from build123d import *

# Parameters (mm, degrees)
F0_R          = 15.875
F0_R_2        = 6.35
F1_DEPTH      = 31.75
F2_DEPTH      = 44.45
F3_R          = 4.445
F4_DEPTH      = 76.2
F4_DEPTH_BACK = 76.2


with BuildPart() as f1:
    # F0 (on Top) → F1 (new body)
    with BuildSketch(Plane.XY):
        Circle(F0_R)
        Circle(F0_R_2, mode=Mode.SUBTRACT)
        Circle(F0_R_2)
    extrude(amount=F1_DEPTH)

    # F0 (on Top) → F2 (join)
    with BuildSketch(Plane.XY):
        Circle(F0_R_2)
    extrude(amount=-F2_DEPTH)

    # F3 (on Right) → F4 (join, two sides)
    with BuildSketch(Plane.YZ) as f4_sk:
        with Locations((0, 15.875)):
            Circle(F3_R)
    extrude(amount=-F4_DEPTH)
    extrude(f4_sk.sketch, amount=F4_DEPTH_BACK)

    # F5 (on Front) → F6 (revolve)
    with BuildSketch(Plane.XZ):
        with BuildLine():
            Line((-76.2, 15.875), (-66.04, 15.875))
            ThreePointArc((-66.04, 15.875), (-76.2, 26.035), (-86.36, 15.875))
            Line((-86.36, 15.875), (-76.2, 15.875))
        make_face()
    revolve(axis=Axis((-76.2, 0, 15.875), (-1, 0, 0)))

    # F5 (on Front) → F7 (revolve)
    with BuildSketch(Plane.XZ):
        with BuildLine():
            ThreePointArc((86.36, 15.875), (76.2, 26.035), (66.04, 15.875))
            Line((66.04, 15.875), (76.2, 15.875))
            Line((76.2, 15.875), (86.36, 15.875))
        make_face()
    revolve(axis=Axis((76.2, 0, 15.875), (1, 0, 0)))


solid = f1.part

···

**What you will do:** Of the lines in the data, report each one containing the string "axis".

**Result:**
    revolve(axis=Axis((-76.2, 0, 15.875), (-1, 0, 0)))
    revolve(axis=Axis((76.2, 0, 15.875), (1, 0, 0)))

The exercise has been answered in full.